The top three keys to success in music are to make singing a part of your daily life, learn to play an instrument and be a part of the action.
Sing as a part of your daily life
Singing has to be a daily thing if you want to be good. “You get up in the morning, you brush your teeth, you comb your hair and then you sing,” says celebrity vocal coach Cari Cole. Any successful singer makes singing a part of their life style. The bonus is that singers are the happier than those in any other career. See: Best jobs in 2012
Learn to play an instrument
While singers may not need to play an instrument, Cari Cole says it is very helpful. If you choose to play guitar, pick your favorite style of music—whether it is folk, heavy metal or classical—then learn how to play that style of guitar from the start, says Jerry Grote, executive at Schmitt Music. Learning guitar is not like learning the clarinet. You do not need to start with book one of music fundamentals to learn guitar. Do any readers remember playing their first music lesson “stepping up, stepping down, then you skip?” Instead, most guitar instruction studios start you by playing your preferred style of music.
Be a part of the action
“Create a network,” says Cari Cole. Collaborating with others and being a part of the music industry is critical to success. One of the main activities for singers is establishing and maintaining relationships. This means developing constructive and cooperative working relationships with others, and maintaining them over time.

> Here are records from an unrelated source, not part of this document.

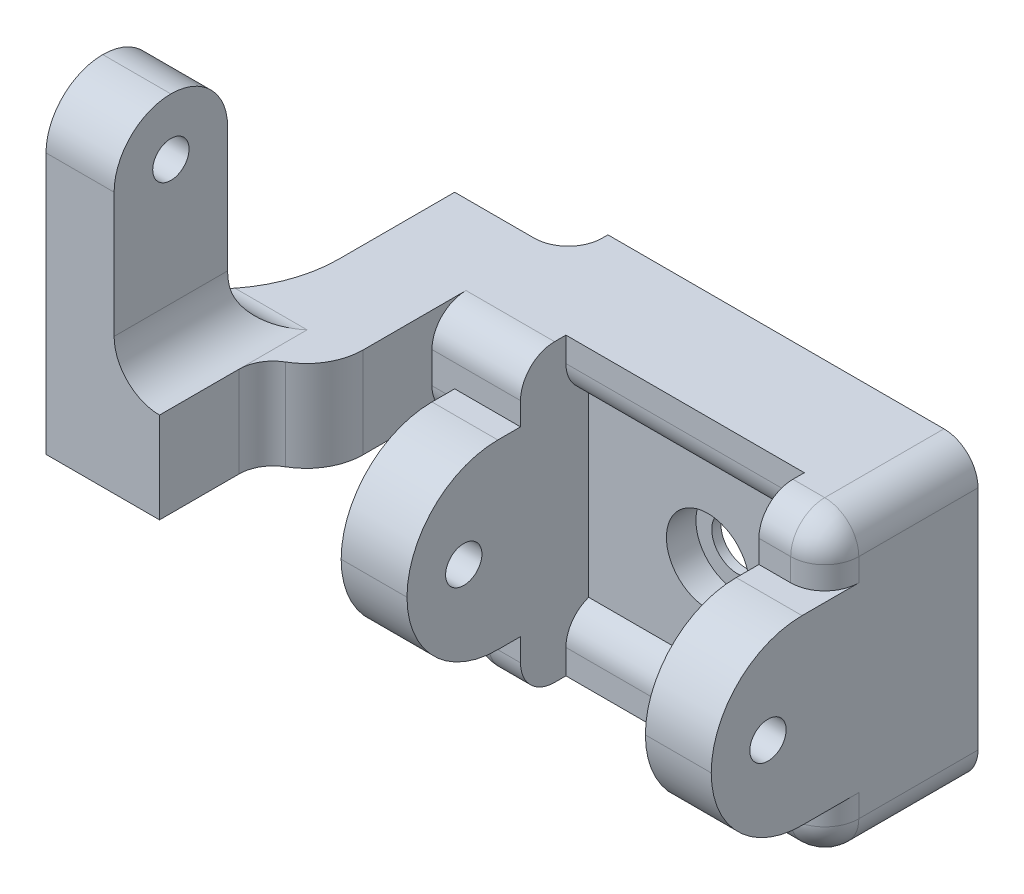
SolidWorks part; units mm, degrees
ref_plane "Front" through (0, 0, 0) normal (0, 0, 1) x (1, 0, 0)
ref_plane "Top" through (0, 0, 0) normal (0, 1, 0) x (1, 0, 0)
ref_plane "Right" through (0, 0, 0) normal (1, 0, 0) x (0, 0, -1)
sketch "Sketch1" plane through (0, 0, 0) normal (0, 0, 1) x (1, 0, 0)
  line L1 (0, 0) -> (-32.6, 0)
  line L2 (0, 0) -> (0, 26)
  line L3 (0, 26) -> (-32.6, 26)
  line L4 (-32.6, 0) -> (-32.6, 26)
  dimension "D1" = 32.6
  dimension "D2" = 26
extrude "Boss-Extrude1" add sketch "Sketch1" along normal blind 4
sketch "Sketch2" plane through (0, 0, 4) normal (0, 0, 1) x (1, 0, 0)
  line L0 (0, 26) -> (-32.6, 26) construction
  line L1 (0, 0) -> (0, 26) construction
  circle A0 centre (-16.3, 13) radius 3.65
  dimension "D1" = 7.3
  dimension "D2" = 13
  dimension "D3" = 16.3
extrude "Cut-Extrude1" cut sketch "Sketch2" against normal blind 2.6
sketch "Sketch3" plane through (0, 0, 1.4) normal (0, 0, 1) x (1, 0, 0)
  circle A0 centre (-16.3, 13) radius 2.25
  dimension "D1" = 4.5
extrude "Cut-Extrude2" cut sketch "Sketch3" against normal through all
sketch "Sketch4" plane through (0, 0, 4) normal (0, 0, 1) x (1, 0, 0)
  line L0 (-32.6, 0) -> (0, 0) construction
  line L1 (0, 26) -> (-5.8, 26)
  line L2 (0, 26) -> (0, 0)
  line L3 (0, 0) -> (-5.8, 0)
  line L4 (-5.8, 26) -> (-5.8, 0)
  line L6 (-32.6, 26) -> (-26.8, 26)
  line L7 (-32.6, 26) -> (-32.6, 0)
  line L8 (-32.6, 0) -> (-26.8, 0)
  line L9 (-26.8, 26) -> (-26.8, 0)
  dimension "D1" = 5.8
  dimension "D2" = 5.8
extrude "Boss-Extrude2" add sketch "Sketch4" along normal blind 16
sketch "Sketch5" plane through (0, 0, 0) normal (1, 0, 0) x (0, 0, -1)
  line L0 (-20, 0) -> (-20, 26) construction
  line L1 (-20, 0) -> (0, 0) construction
  circle A0 centre (-15, 13) radius 1.6
  dimension "D1" = 3.2
  dimension "D2" = 5
  dimension "D3" = 13
extrude "Cut-Extrude3" cut sketch "Sketch5" against normal through all
sketch "Sketch6" plane through (0, 0, 4) normal (0, 0, 1) x (1, 0, 0)
  line L1 (-26.8, 26) -> (-5.8, 26)
  line L2 (-26.8, 26) -> (-26.8, 21)
  line L3 (-26.8, 21) -> (-5.8, 21)
  line L4 (-5.8, 26) -> (-5.8, 21)
  line L5 (-26.8, 0) -> (-5.8, 0)
  line L6 (-26.8, 0) -> (-26.8, 5)
  line L7 (-26.8, 5) -> (-5.8, 5)
  line L8 (-5.8, 0) -> (-5.8, 5)
  dimension "D1" = 5
  dimension "D2" = 5
extrude "Boss-Extrude3" add sketch "Sketch6" along normal blind 2
sketch "Sketch7" plane through (-32.6, 0, 0) normal (-1, 0, 0) x (0, 0, 1)
  line L1 (20, 26) -> (10, 26)
  line L2 (20, 26) -> (20, 21)
  line L3 (20, 21) -> (10, 21)
  line L4 (10, 26) -> (10, 21)
  line L5 (20, 0) -> (10, 0)
  line L6 (20, 0) -> (20, 5)
  line L7 (20, 5) -> (10, 5)
  line L8 (10, 0) -> (10, 5)
  dimension "D1" = 10
  dimension "D2" = 10
  dimension "D3" = 5
  dimension "D4" = 5
extrude "Cut-Extrude4" cut sketch "Sketch7" against normal through all
fillet "Fillet1" radius 8 4 edges at (-2.9, 5, 20) (-2.9, 21, 20) (-29.7, 5, 20) (-29.7, 21, 20)
sketch "Sketch12" plane through (-32.6, 0, 0) normal (-1, 0, 0) x (0, 0, 1)
  line L0 (0, 26) -> (0, 0) construction
  line L1 (10, 26) -> (0, 26)
  line L2 (10, 26) -> (10, 18)
  line L3 (10, 18) -> (0, 18)
  line L4 (0, 26) -> (0, 18)
  dimension "D1" = 8
extrude "Boss-Extrude8" add sketch "Sketch12" along normal blind 10
sketch "Sketch13" plane through (0, 0, 10) normal (0, 0, 1) x (1, 0, 0)
  line L0 (-26.8, 26) -> (-42.6, 26) construction
  line L1 (-42.6, 18) -> (-34.6, 18)
  line L2 (-42.6, 18) -> (-42.6, 26)
  line L3 (-42.6, 26) -> (-34.6, 26)
  line L4 (-34.6, 18) -> (-34.6, 26)
  dimension "D1" = 8
extrude "Boss-Extrude9" add sketch "Sketch13" along normal blind 10
fillet "Fillet2" radius 3 4 edges at (-30.7, 26, 10) (-2.9, 26, 10) (-2.9, 0, 10) (-29.7, 0, 10)
sketch "Sketch14" plane through (0, 0, 20) normal (0, 0, 1) x (1, 0, 0)
  line L0 (-42.6, 18) -> (-34.6, 18) construction
  line L1 (-38.6, 18) -> (-48.6, 18)
  line L2 (-38.6, 18) -> (-38.6, 26)
  line L3 (-38.6, 26) -> (-48.6, 26)
  line L4 (-48.6, 18) -> (-48.6, 26)
  dimension "D1" = 8
  dimension "D2" = 10
extrude "Boss-Extrude10" add sketch "Sketch14" along normal blind 10
sketch "Sketch15" plane through (0, 26, 0) normal (0, 1, 0) x (1, 0, 0)
  line L1 (-48.6, -30) -> (-42.6, -30)
  line L2 (-48.6, -30) -> (-48.6, -20)
  line L3 (-48.6, -20) -> (-42.6, -20)
  line L4 (-42.6, -30) -> (-42.6, -20)
  dimension "D1" = 10
  dimension "D2" = 6
extrude "Boss-Extrude11" add sketch "Sketch15" along normal blind 20
fillet "Fillet10" radius 11 1 edges at (-42.6, 22, 20)
fillet "Fillet11" radius 3 1 edges at (-38.6, 22, 20)
fillet "Fillet12" radius 5 1 edges at (-34.6, 22, 20)
fillet "Fillet14" radius 4 1 edges at (-42.6, 26, 25)
fillet "Fillet15" radius 3 1 edges at (-43.6, 26, 20)
sketch "Sketch16" plane through (0, 0, 0) normal (0, 0, -1) x (-1, 0, 0)
  line L0 (42.6, 18) -> (32.6, 18)
  line L1 (32.6, 18) -> (32.6, 9)
  line L2 (32.6, 18) -> (32.6, 0) construction
  line L3 (32.6, 9) -> (42.6, 18)
  dimension "D1" = 9
extrude "Boss-Extrude12" add sketch "Sketch16" against normal blind 9
fillet "Fillet17" radius 3 1 edges at (-32.6, 9, 4.5)
fillet "Fillet18" radius 3 1 edges at (-33.6, 18, 10)
sketch "Sketch17" plane through (-48.6, 0, 0) normal (-1, 0, 0) x (0, 0, 1)
  line L0 (30, 46) -> (30, 18) construction
  line L1 (20, 46) -> (30, 46) construction
  circle A0 centre (25, 41) radius 1.6
  dimension "D1" = 3.2
  dimension "D2" = 5
  dimension "D3" = 5
extrude "Cut-Extrude5" cut sketch "Sketch17" against normal through all
fillet "Fillet19" radius 5 2 edges at (-45.6, 46, 20) (-45.6, 46, 30)
fillet "Fillet21" radius 3 2 edges at (-16.3, 21, 6) (-16.3, 5, 6)
sketch "Sketch18" plane through (0, 0, 0) normal (0, 0, -1) x (-1, 0, 0)
  line L0 (0, 0) -> (0, 26) construction
  line L1 (32.6, 0) -> (0, 0)
  line L2 (32.6, 0) -> (32.6, 26)
  line L3 (32.6, 26) -> (0, 26)
  line L4 (0, 0) -> (0, 26)
extrude "Boss-Extrude13" add sketch "Sketch18" along normal blind 3.5
sketch "Sketch19" plane through (0, 0, -3.5) normal (0, 0, -1) x (-1, 0, 0)
  circle A0 centre (16.3, 13) radius 9.15
  dimension "D1" = 18.3
extrude "Cut-Extrude6" cut sketch "Sketch19" against normal blind 4.1
fillet "Fillet22" radius 3 9 edges at (0, 22, 10) (0, 25.1213, 9.1213) (0, 4, 10) (0, 0.8787, 9.1213) (-32.6, 4, 10) (-32.6, 0.8787, 9.1213) (0, 26, 1.75) (0, 0, 1.75) (-32.6, 0, 1.75)
fillet "Fillet23" radius 3 1 edges at (-32.6, 16.832, 0)
sketch "Sketch20" plane through (0, 0, 0) normal (0, -1, 0) x (-1, 0, 0)
  line L0 (3, 3.5) -> (29.6, 3.5) construction
  line L1 (3, 3.5) -> (3, -7) construction
  circle A0 centre (16.3, 0.5) radius 1
  dimension "D3" = 2
  dimension "D1" = 3
  dimension "D2" = 13.3
extrude "Cut-Extrude7" cut sketch "Sketch20" against normal blind 4

Part of getting involved is collaboration with others. Jeff Beck, who has enjoyed a successful lifetime career in music puts it in his own words, “You grow up in camaraderie. A band is better than any pickup players.” Later in life Jeff continued to collaborate with other artists, “nothing happened and then all of sudden I was on 15 other albums, just by a couple of Jack Daniels and a promise… things happen.” See the video: Guitar Hero Jeff Beck Discusses His Career.
Being a part of the action means being an active listener. Give full attention to what other people are saying. Take time to understand the points being made. Ask questions and do not interrupt. Failure to demonstrate this critical skill can be a turn-off the fans and colleagues.
Clive Davis, a very successful music executive, encourages musicians to write songs with others, and to sing songs others have written. His recent book, The Soundtrack of My Life, is filled with examples of how artists have become successful by listening to advice given them. He also gives many examples of artists who never made it because they failed to listen.